The Postal Service has managed its mix of short- and long-term debt to lower its interest expense over time. As a result of this strategy and lower interest rates, annual interest expense on Postal Service debt remains lower than it was during much of the 1990s. Current interest expense is but one of the potential costs associated with debt. However, the fact is that Postal Service debt-the obligations that are subject to interest and principal payments-almost doubled between the ends of fiscal years 1997 and 2001, from $5.9 billion to $11.3 billion. While interest rates may or may not remain relatively low, a more important consideration is that the increase in debt, however necessary to preserve liquidity, has also increased financial risk by adding to the obligations of the Postal Service. In light of risks to mail volume growth, which create risks to cash flow, the Postal Service's capacity to service growing debt is limited.
The Postal Service has attempted to determine an appropriate debt level. The Postal Service has considered various means of evaluating its debt ceiling, including post-1992 revenue growth, asset growth, and inflation. Such analysis has major drawbacks, however, because it assumes that the debt ceiling of $15 billion was optimal when instituted in 1992; and the analysis does not assess the future risks facing the Postal Service. By remaining within its $15 billion debt limit, the Postal Service can limit the risks it carries into administrative and legislative transformation.

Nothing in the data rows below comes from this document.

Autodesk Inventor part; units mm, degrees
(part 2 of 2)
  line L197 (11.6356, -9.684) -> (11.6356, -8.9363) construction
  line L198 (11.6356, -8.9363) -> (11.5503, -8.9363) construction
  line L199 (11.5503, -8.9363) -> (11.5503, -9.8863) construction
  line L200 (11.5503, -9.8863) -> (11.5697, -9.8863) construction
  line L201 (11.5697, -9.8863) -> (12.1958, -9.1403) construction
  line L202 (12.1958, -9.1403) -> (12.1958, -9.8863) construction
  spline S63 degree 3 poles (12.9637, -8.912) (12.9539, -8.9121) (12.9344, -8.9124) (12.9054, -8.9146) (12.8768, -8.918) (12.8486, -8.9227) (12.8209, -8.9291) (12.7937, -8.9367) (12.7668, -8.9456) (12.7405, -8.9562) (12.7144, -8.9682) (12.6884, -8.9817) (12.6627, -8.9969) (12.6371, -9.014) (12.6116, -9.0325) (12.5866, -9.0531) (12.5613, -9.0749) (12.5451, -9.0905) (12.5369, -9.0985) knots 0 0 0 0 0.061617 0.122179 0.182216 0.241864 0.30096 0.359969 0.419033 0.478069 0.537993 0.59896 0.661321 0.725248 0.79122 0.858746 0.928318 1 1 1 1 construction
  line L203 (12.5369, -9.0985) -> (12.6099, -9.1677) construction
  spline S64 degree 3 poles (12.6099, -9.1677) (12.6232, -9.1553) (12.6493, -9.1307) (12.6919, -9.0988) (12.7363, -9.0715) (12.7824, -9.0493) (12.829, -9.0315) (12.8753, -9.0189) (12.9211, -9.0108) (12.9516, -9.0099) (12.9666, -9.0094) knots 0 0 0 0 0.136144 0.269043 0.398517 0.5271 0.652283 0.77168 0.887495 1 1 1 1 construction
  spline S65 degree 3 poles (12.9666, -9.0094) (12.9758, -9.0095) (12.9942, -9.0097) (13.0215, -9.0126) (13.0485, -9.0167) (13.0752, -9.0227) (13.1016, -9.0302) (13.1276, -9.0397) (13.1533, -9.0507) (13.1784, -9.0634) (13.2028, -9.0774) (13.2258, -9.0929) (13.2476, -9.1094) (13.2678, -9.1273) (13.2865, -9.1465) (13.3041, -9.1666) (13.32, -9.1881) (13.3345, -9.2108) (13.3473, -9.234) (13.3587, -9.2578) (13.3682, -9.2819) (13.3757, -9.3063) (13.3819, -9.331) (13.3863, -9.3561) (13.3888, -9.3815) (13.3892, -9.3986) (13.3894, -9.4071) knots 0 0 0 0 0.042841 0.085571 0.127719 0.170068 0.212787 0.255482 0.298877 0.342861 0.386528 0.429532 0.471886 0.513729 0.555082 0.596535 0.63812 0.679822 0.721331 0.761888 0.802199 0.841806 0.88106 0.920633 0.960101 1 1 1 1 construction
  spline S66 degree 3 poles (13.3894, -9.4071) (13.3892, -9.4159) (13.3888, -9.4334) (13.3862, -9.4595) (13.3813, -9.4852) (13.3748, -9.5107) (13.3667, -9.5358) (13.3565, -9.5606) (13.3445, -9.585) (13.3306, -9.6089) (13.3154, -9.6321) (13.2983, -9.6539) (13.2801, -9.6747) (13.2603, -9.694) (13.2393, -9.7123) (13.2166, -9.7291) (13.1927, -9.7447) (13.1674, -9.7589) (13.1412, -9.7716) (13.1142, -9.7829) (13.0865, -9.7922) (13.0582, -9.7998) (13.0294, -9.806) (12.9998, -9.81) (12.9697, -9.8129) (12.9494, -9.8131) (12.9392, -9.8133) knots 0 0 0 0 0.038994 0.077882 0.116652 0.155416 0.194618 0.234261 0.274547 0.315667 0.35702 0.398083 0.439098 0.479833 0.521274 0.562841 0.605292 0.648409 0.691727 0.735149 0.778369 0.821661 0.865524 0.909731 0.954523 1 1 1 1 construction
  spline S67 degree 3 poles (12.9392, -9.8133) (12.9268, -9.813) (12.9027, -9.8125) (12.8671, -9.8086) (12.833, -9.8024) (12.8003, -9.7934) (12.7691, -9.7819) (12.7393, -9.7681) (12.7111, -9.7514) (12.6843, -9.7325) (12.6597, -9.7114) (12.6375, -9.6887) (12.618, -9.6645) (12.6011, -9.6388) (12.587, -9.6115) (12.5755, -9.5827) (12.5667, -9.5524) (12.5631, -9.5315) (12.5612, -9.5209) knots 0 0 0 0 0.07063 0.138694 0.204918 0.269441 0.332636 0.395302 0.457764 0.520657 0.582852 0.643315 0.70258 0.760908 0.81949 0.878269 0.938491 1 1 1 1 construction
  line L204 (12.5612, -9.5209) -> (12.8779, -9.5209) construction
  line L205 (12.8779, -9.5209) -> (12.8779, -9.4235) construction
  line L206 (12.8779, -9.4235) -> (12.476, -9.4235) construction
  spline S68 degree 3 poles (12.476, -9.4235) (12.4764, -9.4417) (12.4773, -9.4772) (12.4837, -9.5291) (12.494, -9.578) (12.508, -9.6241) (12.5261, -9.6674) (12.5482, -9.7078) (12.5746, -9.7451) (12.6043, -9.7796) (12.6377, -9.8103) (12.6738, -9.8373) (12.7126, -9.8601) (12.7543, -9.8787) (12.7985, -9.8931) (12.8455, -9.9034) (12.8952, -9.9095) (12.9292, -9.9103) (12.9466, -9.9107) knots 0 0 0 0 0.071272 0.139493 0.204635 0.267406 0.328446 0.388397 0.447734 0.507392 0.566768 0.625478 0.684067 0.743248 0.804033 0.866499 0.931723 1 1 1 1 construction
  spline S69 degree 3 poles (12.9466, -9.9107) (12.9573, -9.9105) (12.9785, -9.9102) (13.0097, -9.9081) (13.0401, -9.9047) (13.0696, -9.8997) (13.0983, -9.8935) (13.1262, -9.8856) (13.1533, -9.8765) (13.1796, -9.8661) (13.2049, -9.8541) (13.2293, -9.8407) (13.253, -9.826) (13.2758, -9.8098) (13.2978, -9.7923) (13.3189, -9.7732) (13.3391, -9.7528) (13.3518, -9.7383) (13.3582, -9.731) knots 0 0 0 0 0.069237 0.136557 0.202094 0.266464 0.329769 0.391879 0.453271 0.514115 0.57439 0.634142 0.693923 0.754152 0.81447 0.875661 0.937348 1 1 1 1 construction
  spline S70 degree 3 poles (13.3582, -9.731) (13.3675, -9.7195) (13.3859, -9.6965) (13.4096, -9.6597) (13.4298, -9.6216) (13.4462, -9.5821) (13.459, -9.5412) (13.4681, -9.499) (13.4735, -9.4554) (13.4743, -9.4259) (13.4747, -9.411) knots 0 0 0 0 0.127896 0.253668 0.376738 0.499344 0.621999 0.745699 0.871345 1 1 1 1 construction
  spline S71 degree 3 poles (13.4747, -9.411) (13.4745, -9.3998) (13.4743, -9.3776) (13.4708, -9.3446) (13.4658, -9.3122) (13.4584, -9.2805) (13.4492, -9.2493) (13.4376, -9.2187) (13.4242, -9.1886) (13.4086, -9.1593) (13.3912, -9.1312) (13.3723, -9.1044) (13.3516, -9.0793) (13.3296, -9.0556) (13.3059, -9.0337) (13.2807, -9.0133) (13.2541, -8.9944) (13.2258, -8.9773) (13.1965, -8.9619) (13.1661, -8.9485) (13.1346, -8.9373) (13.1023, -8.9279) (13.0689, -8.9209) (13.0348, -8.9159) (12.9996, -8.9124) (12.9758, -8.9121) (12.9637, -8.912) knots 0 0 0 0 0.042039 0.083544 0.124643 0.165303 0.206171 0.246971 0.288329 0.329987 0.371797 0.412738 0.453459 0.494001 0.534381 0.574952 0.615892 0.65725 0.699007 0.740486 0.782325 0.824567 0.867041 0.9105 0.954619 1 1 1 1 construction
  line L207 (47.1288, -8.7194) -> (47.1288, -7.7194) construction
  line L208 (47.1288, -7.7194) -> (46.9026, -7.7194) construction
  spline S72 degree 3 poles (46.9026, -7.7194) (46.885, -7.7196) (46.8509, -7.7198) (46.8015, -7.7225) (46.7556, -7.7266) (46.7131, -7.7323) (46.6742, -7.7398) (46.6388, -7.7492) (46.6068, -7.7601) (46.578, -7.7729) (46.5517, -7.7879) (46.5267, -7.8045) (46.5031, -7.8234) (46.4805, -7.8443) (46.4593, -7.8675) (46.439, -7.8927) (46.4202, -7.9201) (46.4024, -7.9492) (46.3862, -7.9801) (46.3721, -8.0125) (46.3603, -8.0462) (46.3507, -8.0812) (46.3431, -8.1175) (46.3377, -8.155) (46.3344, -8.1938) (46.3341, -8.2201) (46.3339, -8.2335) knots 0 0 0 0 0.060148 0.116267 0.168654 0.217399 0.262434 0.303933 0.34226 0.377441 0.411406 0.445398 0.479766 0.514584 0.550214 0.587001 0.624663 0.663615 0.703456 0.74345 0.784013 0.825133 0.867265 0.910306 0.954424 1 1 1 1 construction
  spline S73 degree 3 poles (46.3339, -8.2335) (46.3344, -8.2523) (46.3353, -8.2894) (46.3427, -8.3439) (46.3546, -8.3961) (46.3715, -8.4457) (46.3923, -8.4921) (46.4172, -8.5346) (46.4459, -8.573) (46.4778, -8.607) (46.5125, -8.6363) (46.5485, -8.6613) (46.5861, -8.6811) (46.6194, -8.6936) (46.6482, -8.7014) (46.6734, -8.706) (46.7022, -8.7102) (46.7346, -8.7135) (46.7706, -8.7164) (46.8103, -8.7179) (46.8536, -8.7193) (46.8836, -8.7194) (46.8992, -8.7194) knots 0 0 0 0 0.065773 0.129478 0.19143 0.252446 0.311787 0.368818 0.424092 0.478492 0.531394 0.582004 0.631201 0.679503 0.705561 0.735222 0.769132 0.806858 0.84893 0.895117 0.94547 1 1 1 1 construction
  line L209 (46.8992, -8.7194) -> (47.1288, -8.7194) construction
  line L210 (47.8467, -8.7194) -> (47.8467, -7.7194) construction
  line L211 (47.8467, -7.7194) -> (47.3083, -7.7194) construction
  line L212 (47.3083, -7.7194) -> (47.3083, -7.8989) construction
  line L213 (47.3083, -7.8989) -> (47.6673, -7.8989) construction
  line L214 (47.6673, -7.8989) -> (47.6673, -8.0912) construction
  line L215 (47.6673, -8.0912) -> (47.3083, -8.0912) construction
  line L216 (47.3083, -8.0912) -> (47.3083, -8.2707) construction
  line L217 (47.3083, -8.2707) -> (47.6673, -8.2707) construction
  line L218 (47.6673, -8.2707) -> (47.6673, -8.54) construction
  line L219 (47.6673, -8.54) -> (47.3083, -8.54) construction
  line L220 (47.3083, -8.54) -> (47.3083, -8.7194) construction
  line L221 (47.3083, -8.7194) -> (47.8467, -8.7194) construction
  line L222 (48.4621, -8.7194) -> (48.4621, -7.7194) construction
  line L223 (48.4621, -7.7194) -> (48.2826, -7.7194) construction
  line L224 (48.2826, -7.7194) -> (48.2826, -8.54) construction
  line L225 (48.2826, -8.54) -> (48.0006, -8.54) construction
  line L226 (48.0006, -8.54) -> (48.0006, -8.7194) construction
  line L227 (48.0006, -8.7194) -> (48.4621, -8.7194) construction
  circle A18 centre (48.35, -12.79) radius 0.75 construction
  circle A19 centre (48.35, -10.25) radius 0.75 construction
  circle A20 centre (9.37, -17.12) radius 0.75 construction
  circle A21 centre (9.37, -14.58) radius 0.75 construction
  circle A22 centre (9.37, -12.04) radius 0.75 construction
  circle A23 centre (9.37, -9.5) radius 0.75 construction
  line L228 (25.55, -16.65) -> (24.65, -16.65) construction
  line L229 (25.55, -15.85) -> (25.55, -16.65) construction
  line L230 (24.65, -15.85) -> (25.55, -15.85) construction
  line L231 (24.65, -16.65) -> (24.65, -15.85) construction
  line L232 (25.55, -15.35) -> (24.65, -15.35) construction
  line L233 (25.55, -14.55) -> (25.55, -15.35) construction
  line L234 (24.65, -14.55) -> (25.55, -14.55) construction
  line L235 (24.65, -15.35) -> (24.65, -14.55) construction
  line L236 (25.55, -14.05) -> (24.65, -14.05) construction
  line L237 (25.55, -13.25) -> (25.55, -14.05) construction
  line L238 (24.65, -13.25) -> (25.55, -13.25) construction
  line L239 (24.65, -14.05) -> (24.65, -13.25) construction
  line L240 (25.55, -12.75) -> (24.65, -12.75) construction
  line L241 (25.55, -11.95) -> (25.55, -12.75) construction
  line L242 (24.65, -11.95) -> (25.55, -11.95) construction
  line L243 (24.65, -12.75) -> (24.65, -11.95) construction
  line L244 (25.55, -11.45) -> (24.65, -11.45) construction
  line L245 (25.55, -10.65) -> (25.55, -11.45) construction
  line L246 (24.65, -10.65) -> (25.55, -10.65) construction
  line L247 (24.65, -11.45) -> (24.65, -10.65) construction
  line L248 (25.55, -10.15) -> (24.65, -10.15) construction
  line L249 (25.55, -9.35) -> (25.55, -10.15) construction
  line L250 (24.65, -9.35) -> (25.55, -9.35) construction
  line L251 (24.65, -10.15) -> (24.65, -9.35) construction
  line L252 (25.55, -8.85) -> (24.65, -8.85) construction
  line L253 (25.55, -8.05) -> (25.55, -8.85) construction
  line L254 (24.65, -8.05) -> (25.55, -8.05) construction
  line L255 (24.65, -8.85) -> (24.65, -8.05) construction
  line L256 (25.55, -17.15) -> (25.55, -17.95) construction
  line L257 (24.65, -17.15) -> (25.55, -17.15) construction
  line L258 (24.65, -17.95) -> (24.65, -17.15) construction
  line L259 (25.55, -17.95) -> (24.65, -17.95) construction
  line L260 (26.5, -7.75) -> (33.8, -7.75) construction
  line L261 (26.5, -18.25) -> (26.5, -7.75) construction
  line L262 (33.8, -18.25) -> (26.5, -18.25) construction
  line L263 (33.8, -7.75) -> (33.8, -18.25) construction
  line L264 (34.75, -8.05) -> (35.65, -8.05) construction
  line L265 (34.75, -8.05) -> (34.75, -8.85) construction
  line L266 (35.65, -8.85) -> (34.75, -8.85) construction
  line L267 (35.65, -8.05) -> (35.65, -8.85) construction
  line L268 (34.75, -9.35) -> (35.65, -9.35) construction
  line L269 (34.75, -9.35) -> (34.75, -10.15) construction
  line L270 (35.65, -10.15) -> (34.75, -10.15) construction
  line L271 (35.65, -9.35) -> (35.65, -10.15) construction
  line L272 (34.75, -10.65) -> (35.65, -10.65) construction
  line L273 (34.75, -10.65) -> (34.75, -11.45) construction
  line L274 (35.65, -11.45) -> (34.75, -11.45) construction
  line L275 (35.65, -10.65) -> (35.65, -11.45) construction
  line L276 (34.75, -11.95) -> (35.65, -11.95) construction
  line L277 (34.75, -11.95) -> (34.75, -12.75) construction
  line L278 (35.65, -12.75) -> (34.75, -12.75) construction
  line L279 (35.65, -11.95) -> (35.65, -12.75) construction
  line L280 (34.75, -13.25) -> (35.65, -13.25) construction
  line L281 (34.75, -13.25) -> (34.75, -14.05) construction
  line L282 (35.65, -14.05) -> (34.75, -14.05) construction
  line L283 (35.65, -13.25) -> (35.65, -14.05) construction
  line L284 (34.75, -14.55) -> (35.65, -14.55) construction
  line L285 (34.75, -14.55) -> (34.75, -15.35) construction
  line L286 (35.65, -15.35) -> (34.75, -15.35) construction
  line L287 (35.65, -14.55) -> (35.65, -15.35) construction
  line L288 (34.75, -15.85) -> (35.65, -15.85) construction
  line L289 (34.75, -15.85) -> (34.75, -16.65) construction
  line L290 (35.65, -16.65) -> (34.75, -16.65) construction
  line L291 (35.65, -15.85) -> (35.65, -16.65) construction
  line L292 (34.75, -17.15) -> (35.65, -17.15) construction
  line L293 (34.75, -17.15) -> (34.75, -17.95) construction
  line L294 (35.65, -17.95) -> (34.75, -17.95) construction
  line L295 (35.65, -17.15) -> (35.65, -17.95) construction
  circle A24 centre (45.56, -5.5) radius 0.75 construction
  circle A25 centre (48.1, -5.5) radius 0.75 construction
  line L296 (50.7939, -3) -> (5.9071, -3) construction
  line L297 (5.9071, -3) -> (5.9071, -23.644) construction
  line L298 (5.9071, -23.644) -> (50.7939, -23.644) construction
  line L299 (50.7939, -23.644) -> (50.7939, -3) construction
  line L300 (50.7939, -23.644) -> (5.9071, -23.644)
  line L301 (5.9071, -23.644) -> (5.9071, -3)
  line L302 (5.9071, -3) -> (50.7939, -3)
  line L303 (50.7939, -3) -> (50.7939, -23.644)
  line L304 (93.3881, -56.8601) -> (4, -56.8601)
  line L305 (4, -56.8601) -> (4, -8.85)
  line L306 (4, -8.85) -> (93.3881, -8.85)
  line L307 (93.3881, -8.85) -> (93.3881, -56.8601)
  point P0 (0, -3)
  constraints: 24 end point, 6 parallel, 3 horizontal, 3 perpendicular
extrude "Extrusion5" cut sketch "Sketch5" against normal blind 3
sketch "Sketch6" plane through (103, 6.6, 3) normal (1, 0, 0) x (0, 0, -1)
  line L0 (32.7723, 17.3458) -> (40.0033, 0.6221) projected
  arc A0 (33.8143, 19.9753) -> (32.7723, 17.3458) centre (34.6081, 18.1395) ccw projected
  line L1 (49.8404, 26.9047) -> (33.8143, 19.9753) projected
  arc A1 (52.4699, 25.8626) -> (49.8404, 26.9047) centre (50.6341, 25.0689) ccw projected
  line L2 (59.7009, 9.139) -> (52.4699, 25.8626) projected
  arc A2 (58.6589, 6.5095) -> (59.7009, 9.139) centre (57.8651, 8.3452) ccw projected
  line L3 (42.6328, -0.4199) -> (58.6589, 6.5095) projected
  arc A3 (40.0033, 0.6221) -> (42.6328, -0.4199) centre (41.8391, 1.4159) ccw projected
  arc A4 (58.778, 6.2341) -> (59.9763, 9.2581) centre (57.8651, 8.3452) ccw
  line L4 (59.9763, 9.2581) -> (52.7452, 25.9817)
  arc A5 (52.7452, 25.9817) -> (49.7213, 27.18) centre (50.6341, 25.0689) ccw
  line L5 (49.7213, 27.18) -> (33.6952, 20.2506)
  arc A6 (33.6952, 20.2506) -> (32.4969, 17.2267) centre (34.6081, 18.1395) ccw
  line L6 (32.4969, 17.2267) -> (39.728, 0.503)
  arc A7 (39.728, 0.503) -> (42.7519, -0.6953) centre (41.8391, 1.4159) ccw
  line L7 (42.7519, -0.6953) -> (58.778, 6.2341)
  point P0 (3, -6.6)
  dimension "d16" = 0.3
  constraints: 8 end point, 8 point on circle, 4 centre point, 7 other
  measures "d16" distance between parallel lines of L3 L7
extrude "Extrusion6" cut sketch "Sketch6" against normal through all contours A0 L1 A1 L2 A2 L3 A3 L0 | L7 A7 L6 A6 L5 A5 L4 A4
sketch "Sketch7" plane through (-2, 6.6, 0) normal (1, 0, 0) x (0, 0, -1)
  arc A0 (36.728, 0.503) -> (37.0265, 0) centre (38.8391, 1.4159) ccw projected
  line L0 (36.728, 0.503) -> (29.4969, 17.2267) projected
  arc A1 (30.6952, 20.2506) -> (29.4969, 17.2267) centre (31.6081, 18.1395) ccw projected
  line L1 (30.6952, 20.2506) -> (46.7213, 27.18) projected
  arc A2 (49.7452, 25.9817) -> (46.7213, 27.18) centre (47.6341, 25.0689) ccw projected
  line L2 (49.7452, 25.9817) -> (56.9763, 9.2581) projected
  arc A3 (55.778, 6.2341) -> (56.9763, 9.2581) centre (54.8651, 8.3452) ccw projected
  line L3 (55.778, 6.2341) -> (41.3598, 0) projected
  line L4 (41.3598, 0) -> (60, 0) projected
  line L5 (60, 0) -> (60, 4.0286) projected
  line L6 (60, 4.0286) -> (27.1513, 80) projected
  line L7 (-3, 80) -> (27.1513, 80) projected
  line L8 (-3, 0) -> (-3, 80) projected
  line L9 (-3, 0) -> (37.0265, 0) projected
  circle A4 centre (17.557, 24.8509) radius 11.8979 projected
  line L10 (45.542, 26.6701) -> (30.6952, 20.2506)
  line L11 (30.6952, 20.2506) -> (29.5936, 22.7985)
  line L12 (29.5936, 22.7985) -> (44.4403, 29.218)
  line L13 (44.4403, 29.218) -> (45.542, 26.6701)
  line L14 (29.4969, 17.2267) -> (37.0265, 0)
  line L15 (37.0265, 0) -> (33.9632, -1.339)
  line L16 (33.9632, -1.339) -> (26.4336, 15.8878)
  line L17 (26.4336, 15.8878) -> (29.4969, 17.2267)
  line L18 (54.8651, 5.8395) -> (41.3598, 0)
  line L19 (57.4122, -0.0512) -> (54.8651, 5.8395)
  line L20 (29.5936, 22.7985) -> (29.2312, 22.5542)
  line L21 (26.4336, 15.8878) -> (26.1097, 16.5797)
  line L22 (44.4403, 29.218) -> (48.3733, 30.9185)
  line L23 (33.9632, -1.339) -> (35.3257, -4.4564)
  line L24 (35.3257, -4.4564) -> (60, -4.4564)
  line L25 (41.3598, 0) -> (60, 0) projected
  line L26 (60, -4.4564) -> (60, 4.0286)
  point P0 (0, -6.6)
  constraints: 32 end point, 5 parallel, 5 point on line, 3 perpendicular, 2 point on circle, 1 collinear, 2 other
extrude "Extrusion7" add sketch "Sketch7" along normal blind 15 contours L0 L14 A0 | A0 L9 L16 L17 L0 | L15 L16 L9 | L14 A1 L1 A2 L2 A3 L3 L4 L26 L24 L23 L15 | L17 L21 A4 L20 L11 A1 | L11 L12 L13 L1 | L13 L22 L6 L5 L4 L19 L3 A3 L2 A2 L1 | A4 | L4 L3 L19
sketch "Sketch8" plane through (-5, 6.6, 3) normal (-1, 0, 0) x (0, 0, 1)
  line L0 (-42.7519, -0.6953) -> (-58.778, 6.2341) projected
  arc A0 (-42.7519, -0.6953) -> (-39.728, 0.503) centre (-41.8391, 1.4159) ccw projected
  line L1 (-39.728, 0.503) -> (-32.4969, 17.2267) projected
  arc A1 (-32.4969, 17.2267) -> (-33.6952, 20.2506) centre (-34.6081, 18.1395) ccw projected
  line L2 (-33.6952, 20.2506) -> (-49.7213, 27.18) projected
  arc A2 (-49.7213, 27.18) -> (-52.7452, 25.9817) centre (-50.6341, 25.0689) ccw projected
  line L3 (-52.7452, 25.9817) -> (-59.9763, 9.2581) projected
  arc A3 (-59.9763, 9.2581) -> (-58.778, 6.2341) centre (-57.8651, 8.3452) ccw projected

As mentioned earlier, the change in debt is largely determined by the difference between cash flow from operations and capital cash outlays. Since cash flow from operations is linked to net incomes (losses), stabilizing and reducing debt will require that the Postal Service recover its prior year losses and carefully plan its capital cash outlays so they do not exceed cash flow. As the past two fiscal years have demonstrated, the Postal Service cannot simultaneously generate net losses and reduce its borrowings.
As a final point, the consequences of running out of cash far exceed the costs of increasing debt. Therefore, the Postal Service will do what is necessary to keep from running out of cash, even if doing so means accepting a temporary increase in its statutory debt limit. Under such an outcome, the Postal Service would seek to reverse the temporary increase in debt, and resume its strategy of keeping its debt below $15 billion, while reducing outstanding debt.
By reducing outstanding debt, by remaining within its $15 billion debt limit, and by managing its interest expense, the Postal Service can limit the risks it carries into administrative and legislative transformation.
Metrics
Amount of debt and interest expense
Interdependencies
The Postal Service's ability to apply cash flow toward debt reduction requires both recovery of prior year losses and some limits on capital investments.